Les compagnies d’assurance, grandes absentes de la solidarité nationale ?

C’est un véritable statut quo entre le gouvernement et les compagnies d’assurance. Patricia Le Goff, courtier en assurance pour les professionnels, a tous les jours des clients perdus au téléphone. “Je ne peux que répéter que leur assurance pour perte d’exploitation ne peut pas jouer puisque ce n’est pas un sinistre dans leur établissement.
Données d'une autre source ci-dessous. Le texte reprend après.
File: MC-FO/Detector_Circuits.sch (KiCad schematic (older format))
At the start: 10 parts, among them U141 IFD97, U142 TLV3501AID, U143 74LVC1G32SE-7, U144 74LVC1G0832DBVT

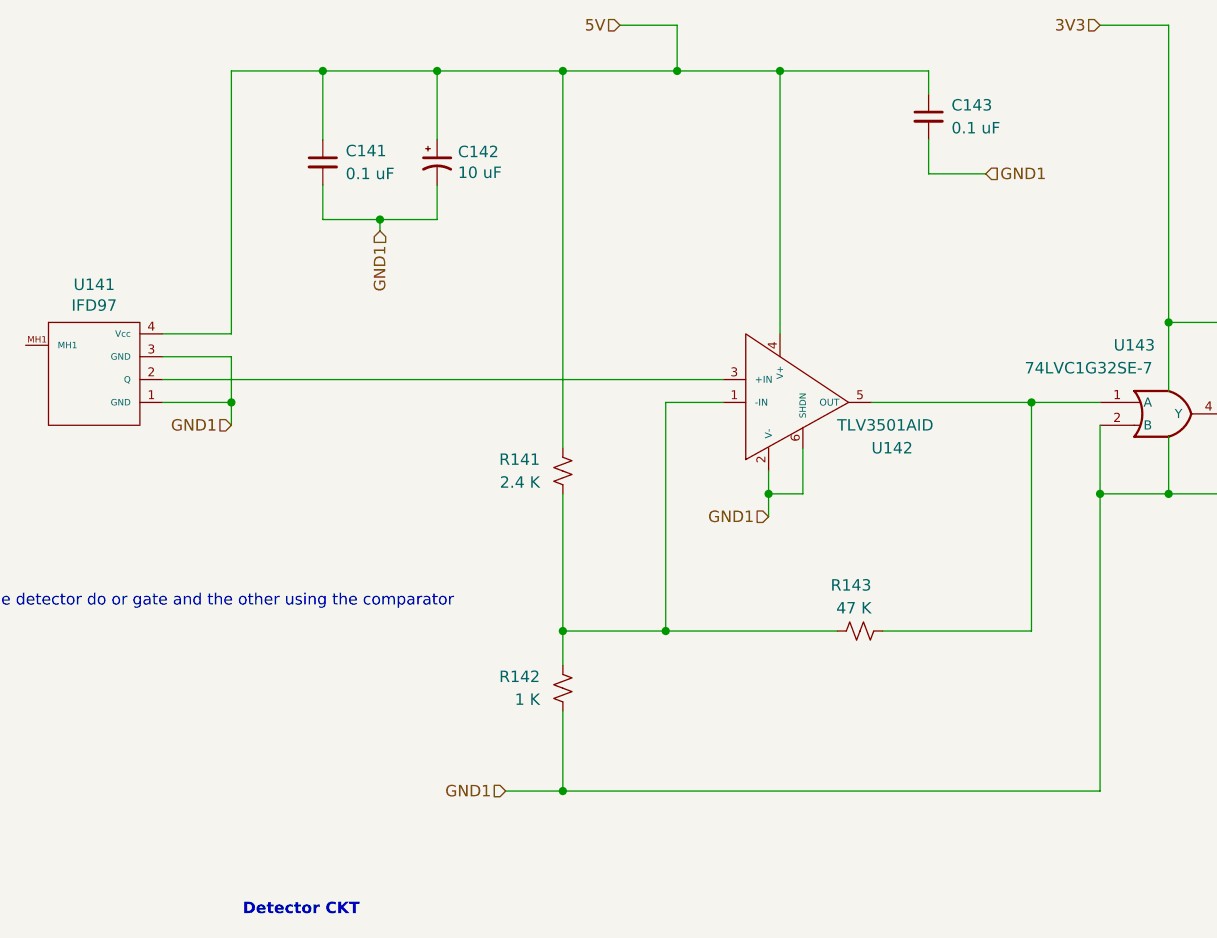
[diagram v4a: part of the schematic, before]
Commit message: changed status1 to output of detector
reassigned footprint of 550 LED
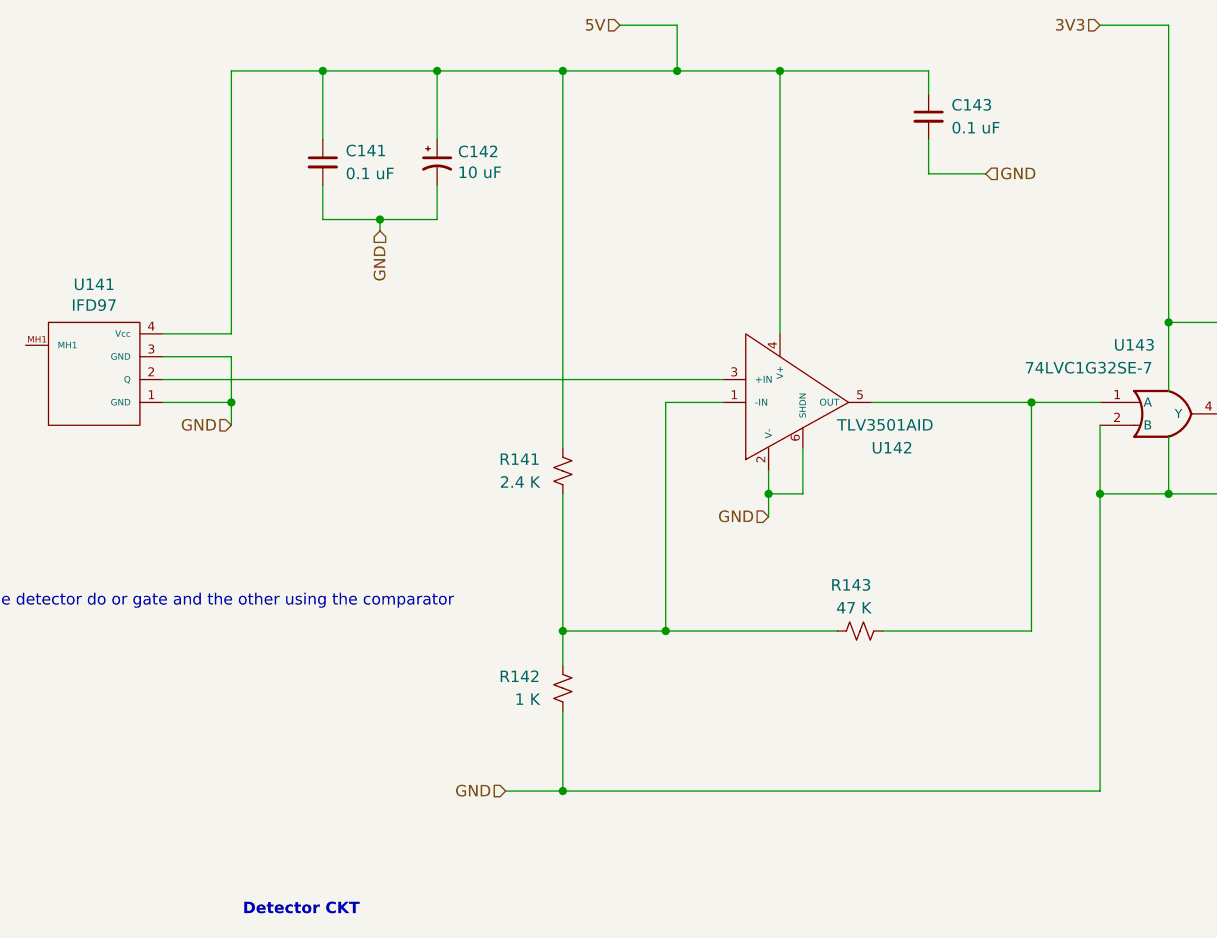
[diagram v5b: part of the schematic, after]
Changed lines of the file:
@@
 Connection ~ 7800 3650
 Text HLabel 5500 5350 0    50   Input ~ 0
-GND1
+GND
 Text HLabel 6650 4150 0    50   Input ~ 0
-GND1
+GND
 Text HLabel 4950 2900 3    50   Input ~ 0
-GND1
+GND
 Text HLabel 4300 3750 0    50   Input ~ 0
-GND1
+GND
 Text HLabel 7600 2650 2    50   Input ~ 0
-GND1
+GND
 Wire Wire Line
 	4700 2850 4950 2850

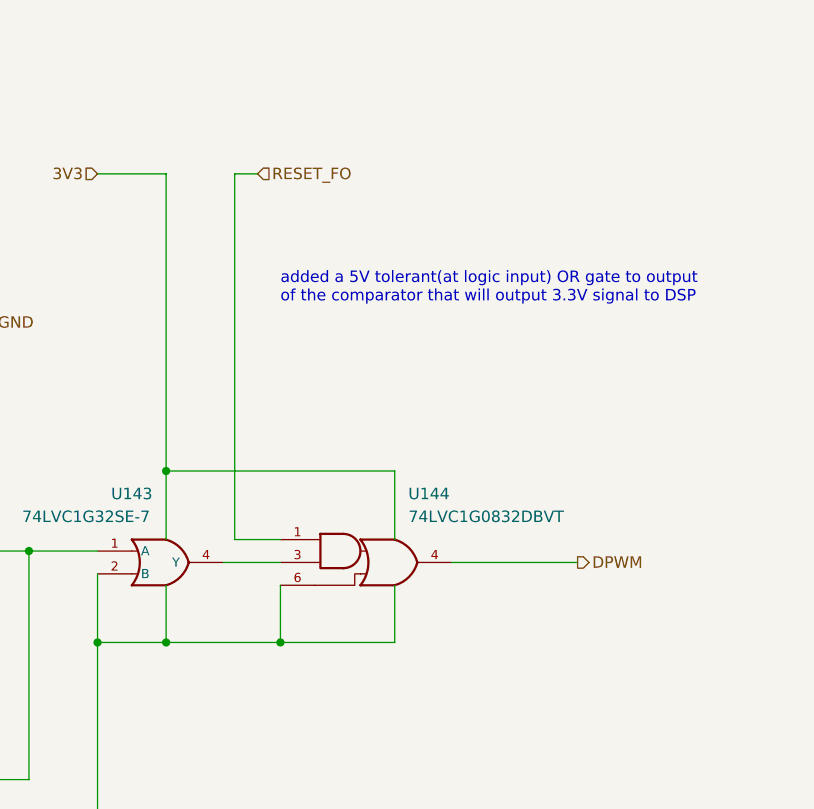
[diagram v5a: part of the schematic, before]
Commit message: Removed AND-OR gates
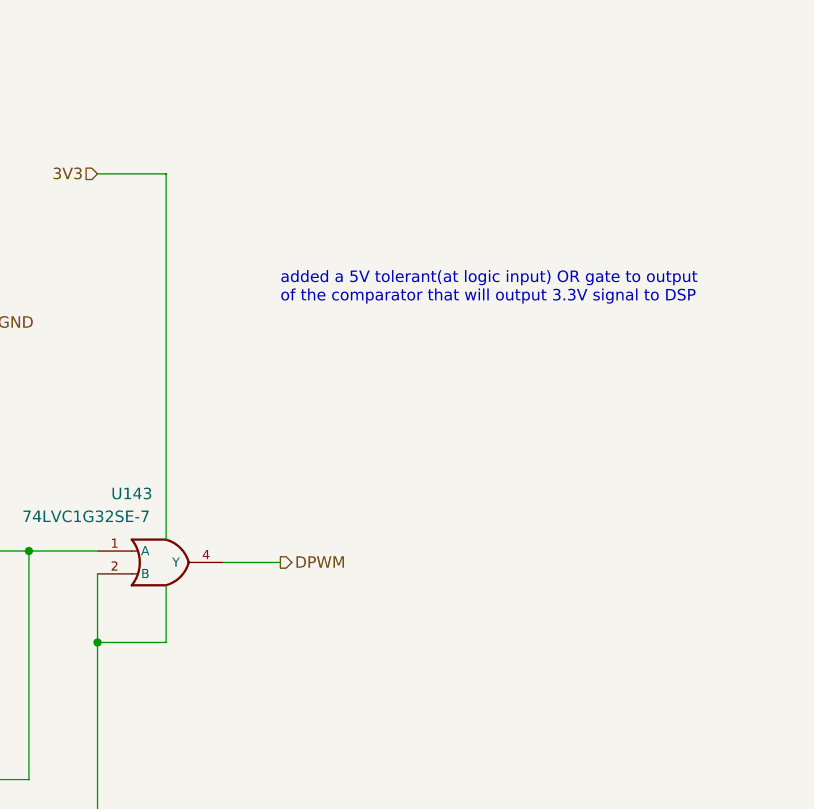
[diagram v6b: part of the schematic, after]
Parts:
- removed U144: 74LVC1G0832DBVT, Package_TO_SOT_SMD:SOT-23-6, symbol Existing_IC_Models:74LVC1G0832DBVT
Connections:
- net DPWM: now also U143.4 (Y)
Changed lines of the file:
@@
 	1    0    0    -1
 $EndComp
-Text HLabel 10200 3700 2    50   Output ~ 0
+Text HLabel 8900 3700 2    50   Output ~ 0
 DPWM
 Text HLabel 6000 2000 0    50   Input ~ 0
@@
 Text Notes 3100 4550 0    50   ~ 0
 on one detector do or gate and the other using the comparator
-Text HLabel 8800 2000 2    50   Input ~ 0
-RESET_FO
 $Comp
 L Existing_IC_Models:74LVC1G32SE-7 U143
@@
 	8100 5350 5750 5350
 Connection ~ 5750 5350
-Wire Wire Line
-	8400 3600 8400 3300
 Text HLabel 8100 2000 0    50   Input ~ 0
 3V3
@@
 added a 5V tolerant(at logic input) OR gate to output\nof the comparator that will output 3.3V signal to DSP\n\n
 Wire Wire Line
-	8800 2000 8700 2000
+	8900 3700 8650 3700
 Wire Wire Line
-	8700 2000 8700 3600
-Wire Wire Line
-	8700 3600 8900 3600
-Wire Wire Line
-	8900 3700 8650 3700
-Connection ~ 8400 3300
-Wire Wire Line
-	8400 3300 8400 2000
-Wire Wire Line
-	9650 3700 10200 3700
-$Comp
-L Existing_IC_Models:74LVC1G0832DBVT U144
-U 1 1 618B7235
-P 9250 3700
-F 0 "U144" H 9550 4000 50  0000 C CNN
-F 1 "74LVC1G0832DBVT" H 9800 3900 50  0000 C CNN
-F 2 "Package_TO_SOT_SMD:SOT-23-6" H 9250 3700 50  0001 C CNN
-F 3 "http://www.ti.com/lit/sg/scyt129e/scyt129e.pdf" H 9250 3700 50  0001 C CNN
-	1    9250 3700
-	1    0    0    -1
-$EndComp
-Connection ~ 8400 4050
-Wire Wire Line
-	9400 3300 9400 3600
-Wire Wire Line
-	8400 3300 9400 3300
-Wire Wire Line
-	8900 4050 8900 3800
-Wire Wire Line
-	8400 4050 8900 4050
-Wire Wire Line
-	8900 4050 9400 4050
-Wire Wire Line
-	9400 4050 9400 3800
-Connection ~ 8900 4050
+	8400 2000 8400 3600
 $EndSCHEMATC

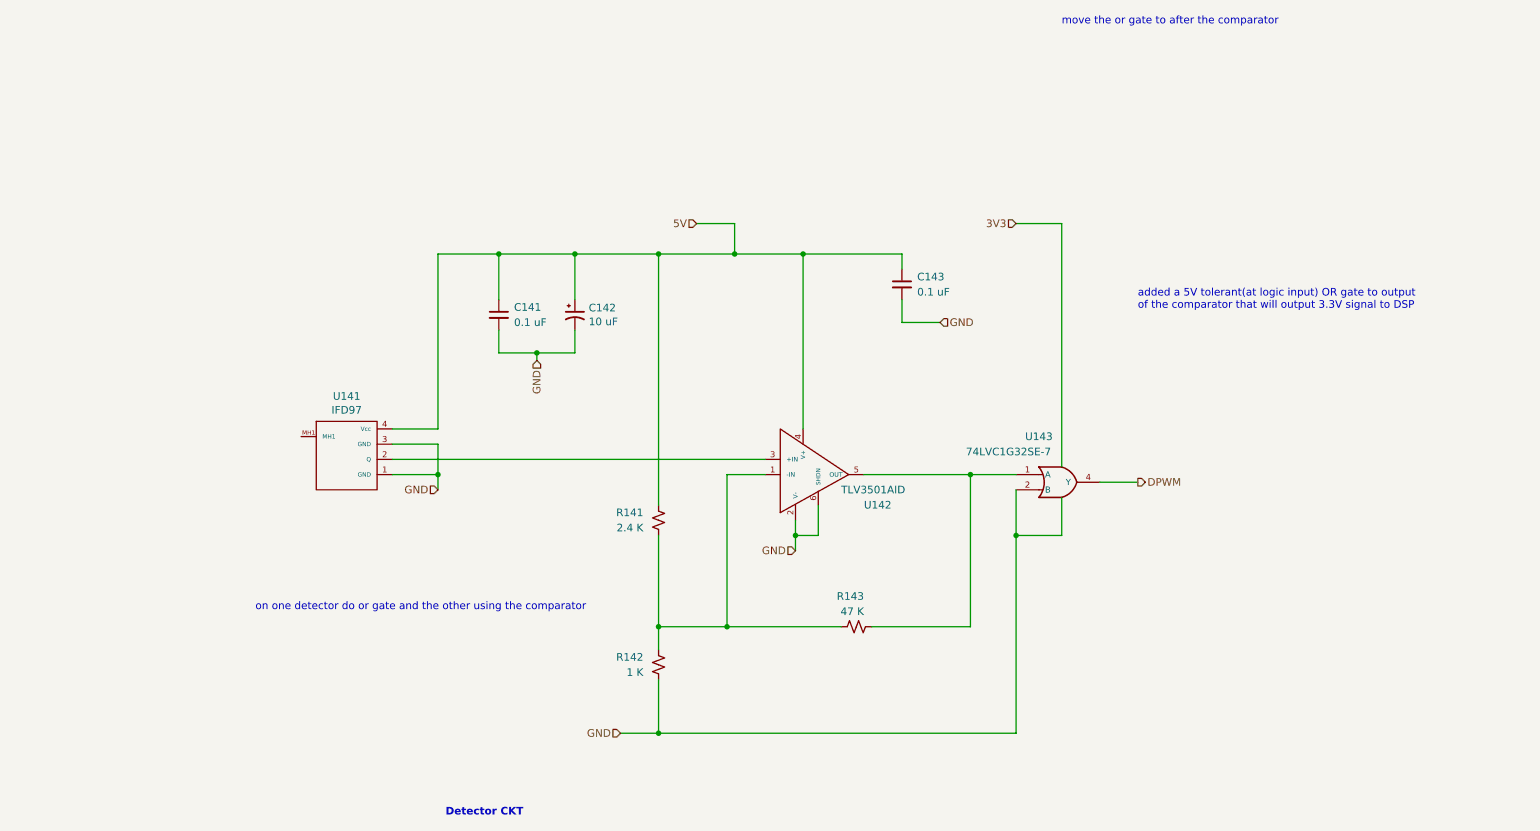
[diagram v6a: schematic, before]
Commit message: DSP schem, FO schem, and FO layout changes
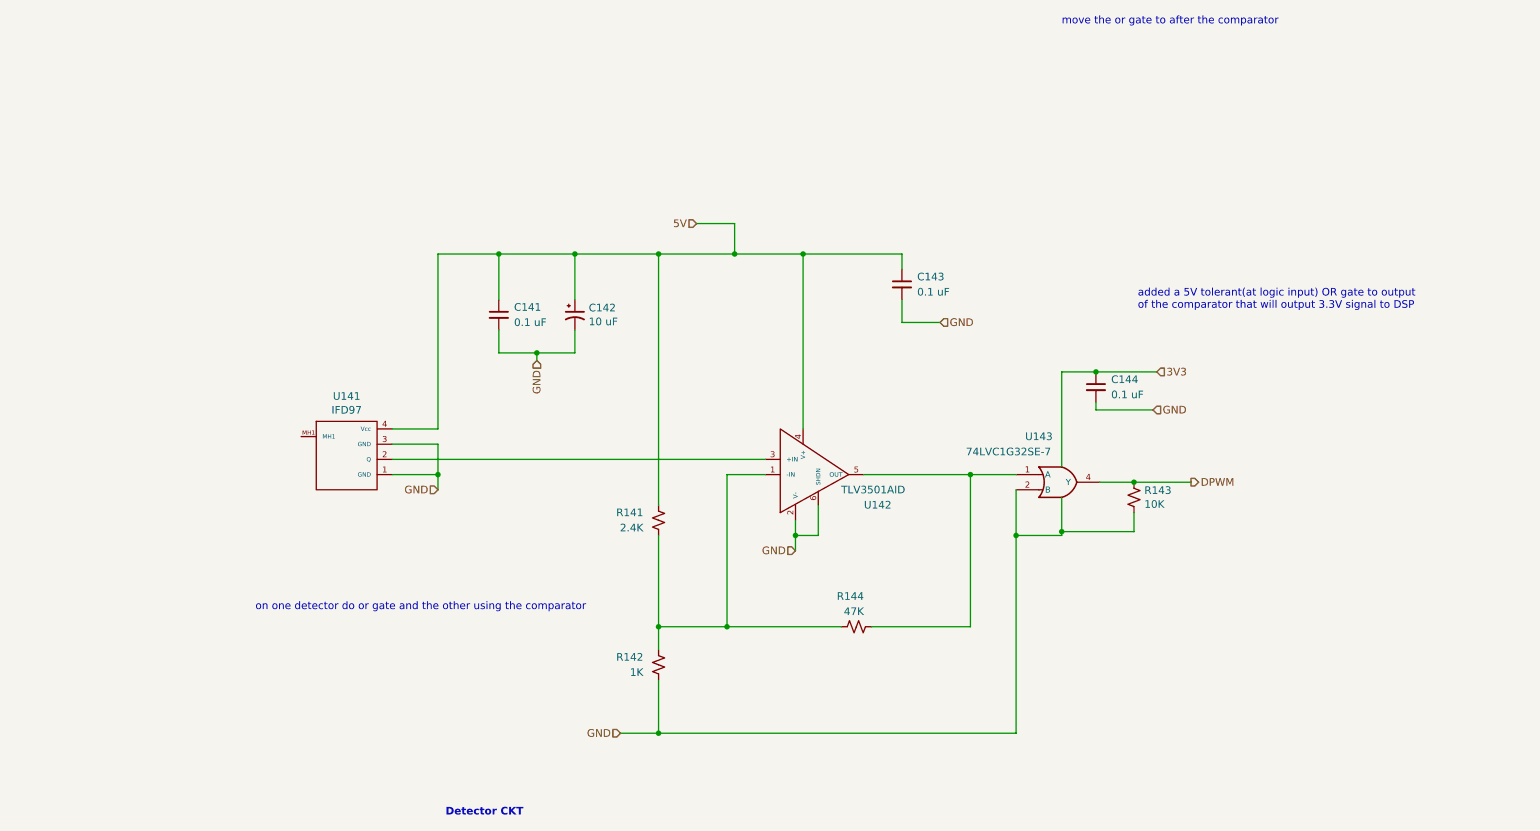
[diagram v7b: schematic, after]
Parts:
- added C144: 0.1 uF, Capacitor_SMD:C_0603_1608Metric, symbol Device:C_Small
- added R143: 10K, Resistor_SMD:R_0603_1608Metric, symbol Device:R_Small_US
- R141: value 2.4 K -> 2.4K
- R142: value 1 K -> 1K
- R144: renamed from R143; value 47 K -> 47K
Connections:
- net DPWM: now also R143.1
- net GND: now also C144.2, R143.2
- net VCC: now also C144.1
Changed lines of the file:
@@
 Detector CKT
-$Comp
-L Device:C_Small C143
-U 1 1 6178E7F5
-P 7350 2400
-AR Path="/6171C819/6178E7F5" Ref="C143"  Part="1"
-AR Path="/61724A08/6178E7F5" Ref="C163"  Part="1"
-F 0 "C143" H 7450 2450 50  0000 L CNN
-F 1 "0.1 uF" H 7450 2350 50  0000 L CNN
-F 2 "Capacitor_SMD:C_0603_1608Metric" H 7350 2400 50  0001 C CNN
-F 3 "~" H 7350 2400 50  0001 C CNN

Il y a un véritable vide juridique, la pandémie n’a jamais été anticipée au niveau des assurances”, explique-t-elle. Un fonds de solidarité de 200 millions d’euros a été mis en place par les compagnies. Certaines, ces derniers jours, multiplient les gestes en annonçant augmenter leur part au fonds de solidarité. “On ne sait pas trop à qui il va être versé. En France, il y a plus de 200 000 restaurateurs, cela ne va pas être suffisant”, calcule le chef breton. Mais, dans ce contexte, la prise en charge des pertes d’exploitation sans dommages est impossible pour les assureurs, affirme la présidente de la FFA Florence Lustman. “Elles ne vont pas avoir les moyens de verser ces indemnités, il n’y a pas eu de cotisations versées pour cette pandémie ou cela amènerait à une hausse des primes d’assurances, mais d’une telle ampleur qu’elles ne pourront pas l’appliquer”, explique Patricia Le Goff. Ce qui est en réflexion, c’est un fonds pour les pandémies à venir. Les #chefsenperil ne veulent évidemment pas attendre les prochaines épidémies et demandent à ce que l’Etat déclare l’état de catastrophe sanitaire, ce qui déclencherait une indemnisation des assurances. Les restaurateurs reconnaissent les efforts faits par le gouvernement (report de charges, chômage partiel…) mais ils savent que pour certains, ces mesures ne seront pas suffisantes pour survivre à la crise. Les adhésions à leur mouvement, chaque jour, augmentent. Marie-José, Olivier, Nicolas et les quelques 7 000 autres adhérents à #restoensemble se battront jusqu’au bout “parce qu’il est trop dur de voir la détresse de ces chefs qui ne savent pas s’ils pourront, demain, ouvrir à nouveau leur restaurant.”

Marie-José et Olivier sont propriétaires de leur restaurant. C'est leur seule source de revenus pour eux et leurs 3 enfants.